Gödel's results on the unprovability of the consistency of a formal theory within the theory itself were followed by Tarski's work on the undefinability of truth for a formal language within the language itself. Tarski's work also for the first time gave a rigorous definition, in a meta -language, of truth for a sentence of formal language, relative to an interpretation, which is needed for a fully rigorous statement even of Gödel's earlier completeness theorem. With his truth definition Tarski laid the foundations for a general theory of models, a model of a formal theory being an interpretation that makes it true.

Gödel showed the unachievability of the original aim of proof theory: to establish the consistency of infinitistic mathematics by finitist means; but this leaves open the possibility of establishing relative consistency through the interpretation of ostensibly stronger in ostensibly weaker theories. Gödel himself contributed to this program, and in the mid-1930s the powerful new methods were introduced by Gerhardt Gentzen (19091945).

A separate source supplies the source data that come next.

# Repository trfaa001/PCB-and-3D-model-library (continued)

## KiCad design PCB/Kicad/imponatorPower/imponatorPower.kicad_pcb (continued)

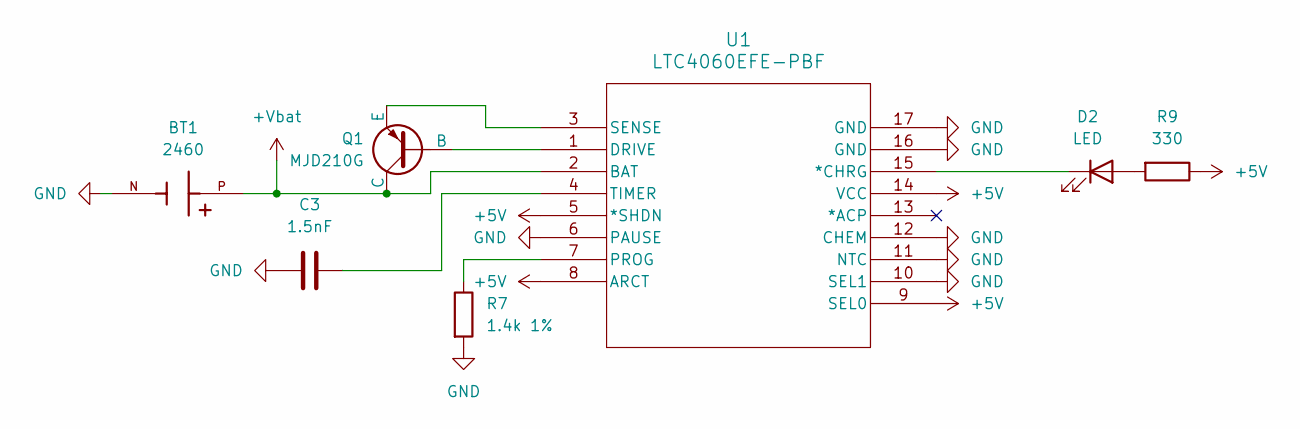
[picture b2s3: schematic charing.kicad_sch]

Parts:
BT1: 2460; BAT_2460; PARTREV B
C3: 1.5nF; C_0805_2012Metric_Pad1.18x1.45mm_HandSolder
D2: LED; LED_0805_2012Metric_Pad1.15x1.40mm_HandSolder
Q1: MJD210G; TO-252-2
R7: 1.4k 1%; R_0805_2012Metric_Pad1.20x1.40mm_HandSolder
R9: 330; R_0805_2012Metric_Pad1.20x1.40mm_HandSolder
U1: LTC4060EFE-PBF; SSOP-16_FE_LIT-L

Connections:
+Vbat: BT1.P, Q1.1 (C), U1.2 (BAT); also elsewhere on the board
GND: BT1.N, C3.1, R7.2, U1.6 (PAUSE), U1.10 (SEL1), U1.11 (NTC), U1.12 (CHEM), U1.16 (GND), U1.17 (GND); also elsewhere on the board
unnamed: D2.2 (A), R9.2
unnamed: D2.1 (K), U1.15 (*CHRG)
unnamed: Q1.2 (B), U1.1 (DRIVE)
unnamed: Q1.3 (E), U1.3 (SENSE)
unnamed: R7.1, U1.7 (PROG)
unnamed: C3.2, U1.4 (TIMER)
vdc_out: R9.1, U1.5 (*SHDN), U1.8 (ARCT), U1.9 (SEL0), U1.14 (VCC); also elsewhere on the board

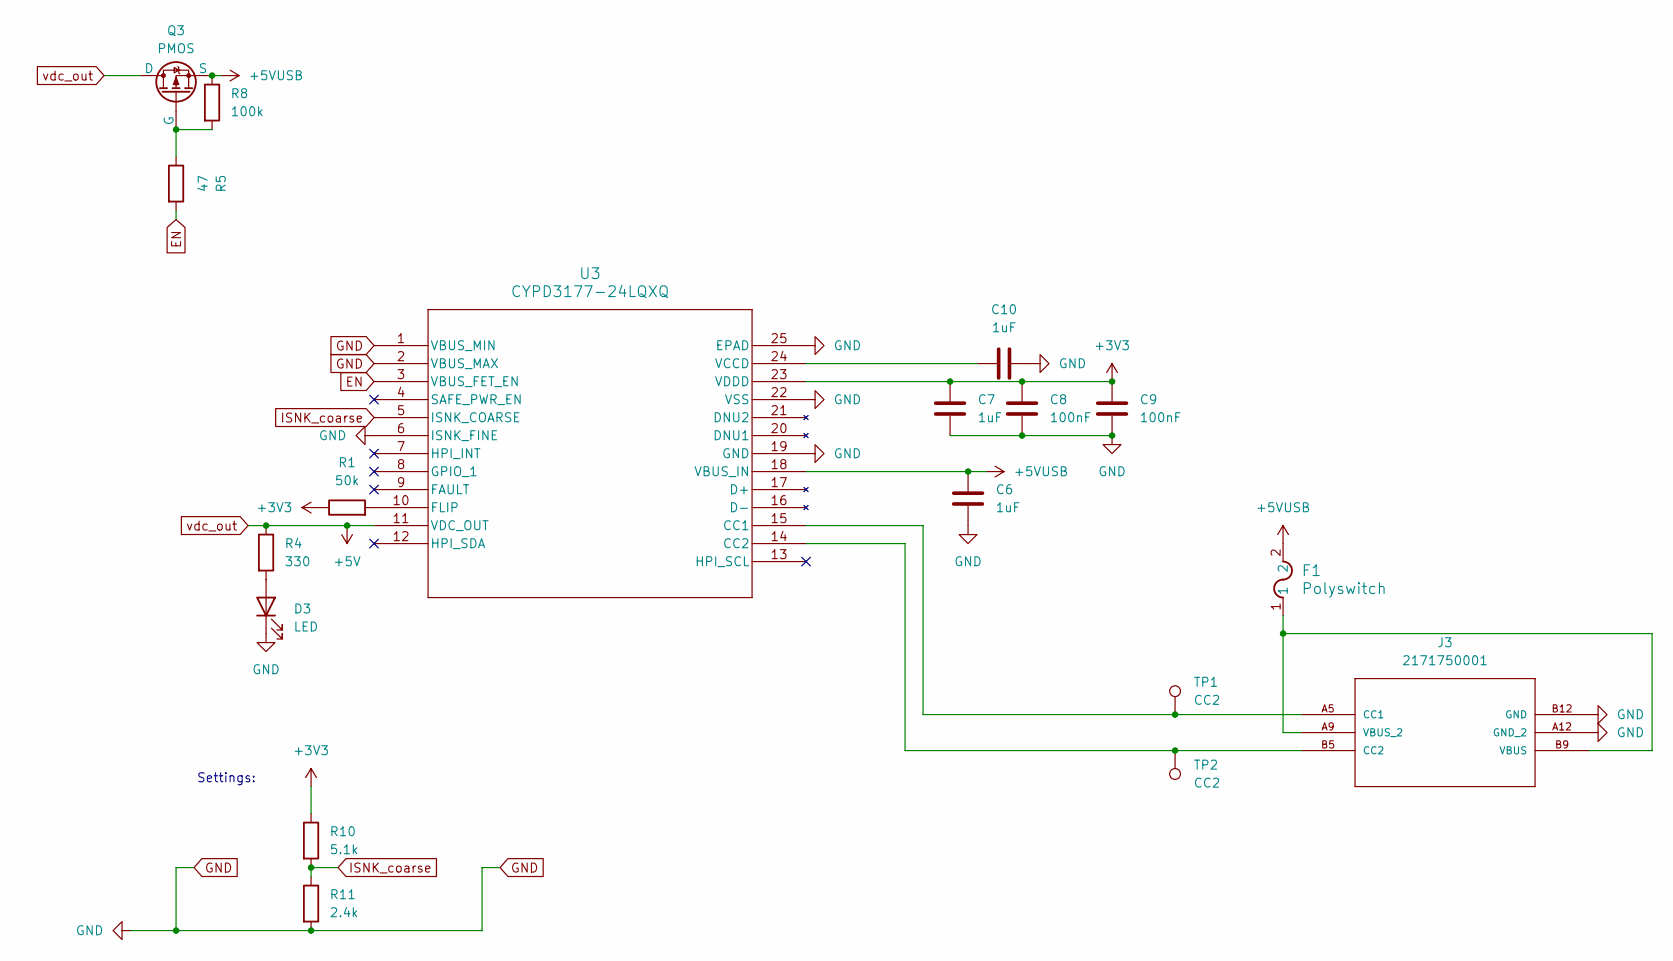
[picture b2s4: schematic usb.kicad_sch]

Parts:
C6, C7, C10: 1uF; C_0805_2012Metric_Pad1.18x1.45mm_HandSolder
C8, C9: 100nF; C_0805_2012Metric_Pad1.18x1.45mm_HandSolder
D3: LED; LED_0805_2012Metric_Pad1.15x1.40mm_HandSolder
F1: Polyswitch; Fuse_1206_3216Metric_Pad1.42x1.75mm_HandSolder
J3: 2171750001; 2171750001_MOL; MANUFACTURER_PART_NUMBER 2171750001
Q3: PMOS; SOT-23_Handsoldering
R1: 50k; R_0402_1005Metric_Pad0.72x0.64mm_HandSolder
R4: 330; R_0805_2012Metric_Pad1.20x1.40mm_HandSolder
R5: 47; R_0805_2012Metric_Pad1.20x1.40mm_HandSolder
R8: 100k; R_0805_2012Metric_Pad1.20x1.40mm_HandSolder
R10: 5.1k; R_0805_2012Metric_Pad1.20x1.40mm_HandSolder
R11: 2.4k; R_0805_2012Metric_Pad1.20x1.40mm_HandSolder
TP1, TP2: CC2; TestPoint_Pad_2.0x2.0mm
U3: CYPD3177-24LQXQ; QFN24_CYPD3177_INF-L

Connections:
+3V3: C7.2, C8.1, C9.1, R1.1, R10.1, U3.23 (VDDD)
+5VUSB: C6.2, F1.2, Q3.3 (S), R8.1, U3.18 (VBUS_IN)
EN: R5.2, U3.3 (VBUS_FET_EN)
GND: C6.1, C7.1, C8.2, C9.2, C10.2, D3.1 (K), J3.A12 (GND_2), J3.B12 (GND), R11.2, U3.1 (VBUS_MIN), U3.2 (VBUS_MAX), U3.6 (ISNK_FINE), U3.19 (GND), U3.22 (VSS), U3.25 (EPAD); also elsewhere on the board
ISNK_coarse: R10.2, R11.1, U3.5 (ISNK_COARSE)
unnamed: D3.2 (A), R4.2
unnamed: J3.A5 (CC1), TP1.1, U3.15 (CC1)
unnamed: J3.B5 (CC2), TP2.1, U3.14 (CC2)
unnamed: F1.1, J3.A9 (VBUS_2), J3.B9 (VBUS)
unnamed: Q3.2 (G), R5.1, R8.2
unnamed: R1.2, U3.10 (FLIP)
unnamed: C10.1, U3.24 (VCCD)
vdc_out: Q3.1 (D), R4.1, U3.11 (VDC_OUT); also elsewhere on the board

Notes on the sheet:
Settings:

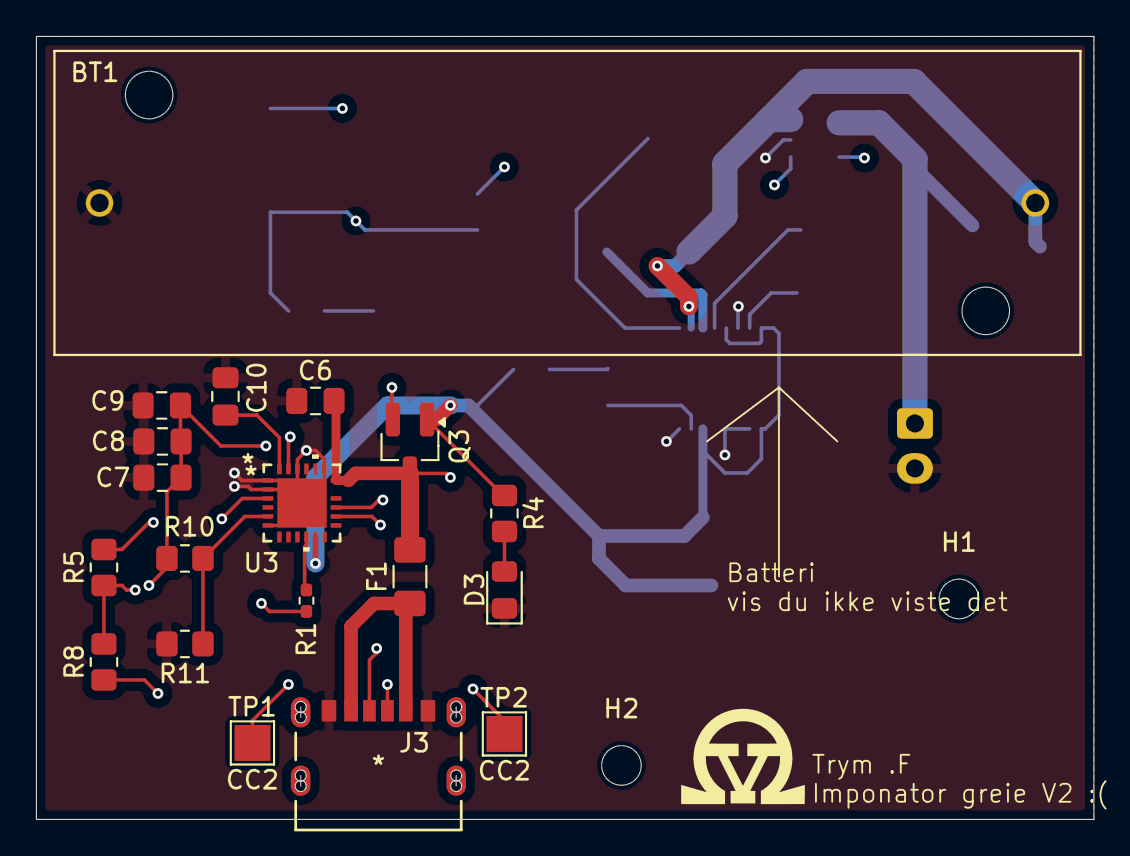
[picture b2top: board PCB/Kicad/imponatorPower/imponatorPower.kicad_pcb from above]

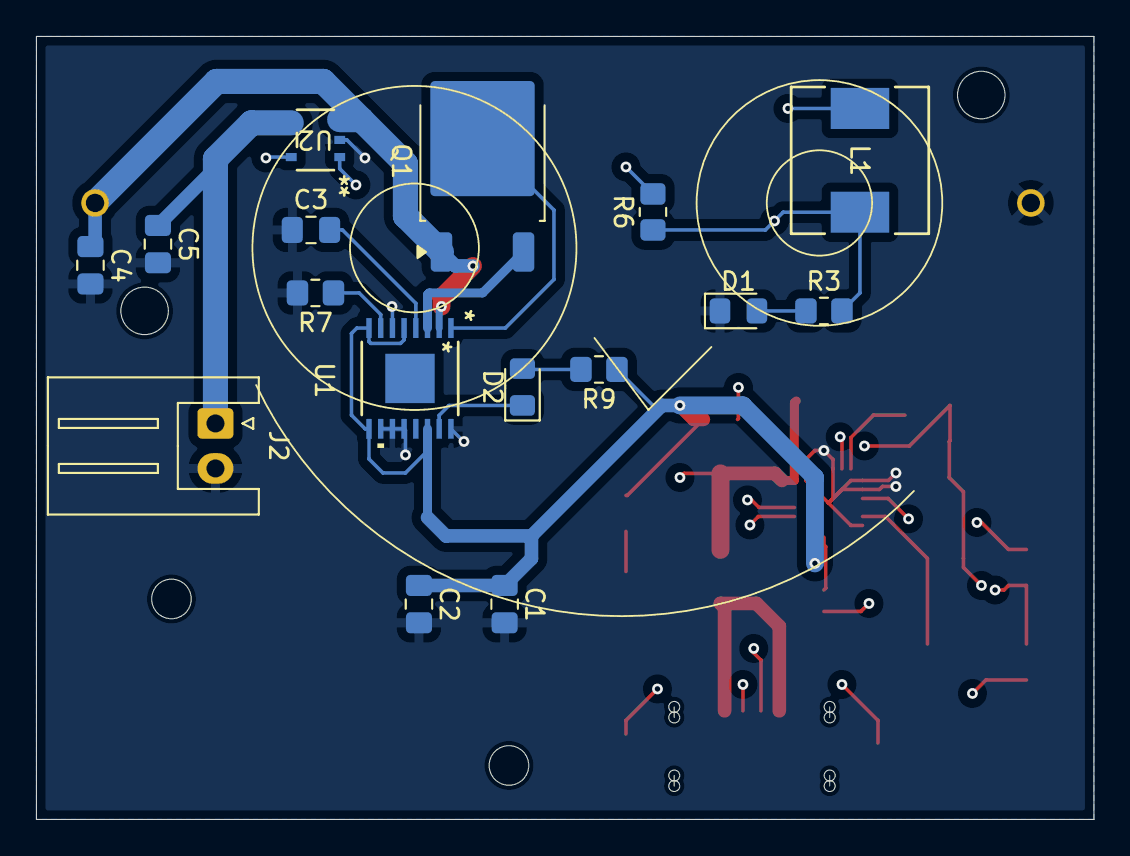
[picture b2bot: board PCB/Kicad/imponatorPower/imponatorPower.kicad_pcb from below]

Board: 4 copper layers, 58.8 x 43.5 mm, 37 parts (16 on the bottom side), 24 nets.

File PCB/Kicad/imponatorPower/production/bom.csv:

Designator,Footprint,Quantity,Value,LCSC Part #
BT1,BAT_2460,1,2460,
"C1, C2, C4, C5",0805,4,10uF,
"C10, C6, C7",0805,3,1uF,
C3,0805,1,1.5nF,
"C8, C9",0805,2,100nF,
"D1, D2, D3",0805,3,LED,
F1,1206,1,Polyswitch,
J2,JST_XH_S2B-XH-A_1x02_P2.50mm_Horizontal,1,Conn_01x02,
J3,2171750001_MOL,1,USB-C,
L1,IND_PCC-M0754M_PAN-L,1,4.7uH,
Q1,TO-252-2,1,MJD210G,
Q3,SOT-23_Handsoldering,1,PMOS,
R1,0402,1,50k,
R10,0805,1,5.1k,
R11,0805,1,2.4k,
"R3, R4, R9",0805,3,330,
R5,0805,1,47,
R6,0805,1,10K,
R7,0805,1,1.4k 1%,
R8,0805,1,100k,
"TP1, TP2",TestPoint_Pad_2.0x2.0mm,2,CC2,
U1,SSOP-16_FE_LIT-L,1,LTC4060EFE-PBF,
U2,SOT25_XC9141_TOR-L,1,XC9141B50CMR-G,
U3,QFN24_CYPD3177_INF-L,1,CYPD,

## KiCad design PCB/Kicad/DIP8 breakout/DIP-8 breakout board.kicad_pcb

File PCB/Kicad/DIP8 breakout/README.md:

# DIP8 breakout board

<!-- Project description -->
A small breakout board for any DIP8 IC.
Designed to make it easier to prototype with DIP8 IC by converting it to TH.

## images
### Schematic

### PCB design

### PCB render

Gödel used in his work the auxiliary notion of a primitive recursive function, which include many but not all functions that are effectively computable in an intuitive sense. Two equivalent proposed characterizations of the full class of effectively computable functions followed. Recursive function theory was developed in collaboration with his student S. C. Kleene (19091994) by Alonzo Church, who proved there is no effectively computable function that will tell whether a given formula is logically valid. Turing machines were developed by Alan Turing, who proved the possibility in principle of a universal programmable computer, a possibility that began to be realized during the Second World War.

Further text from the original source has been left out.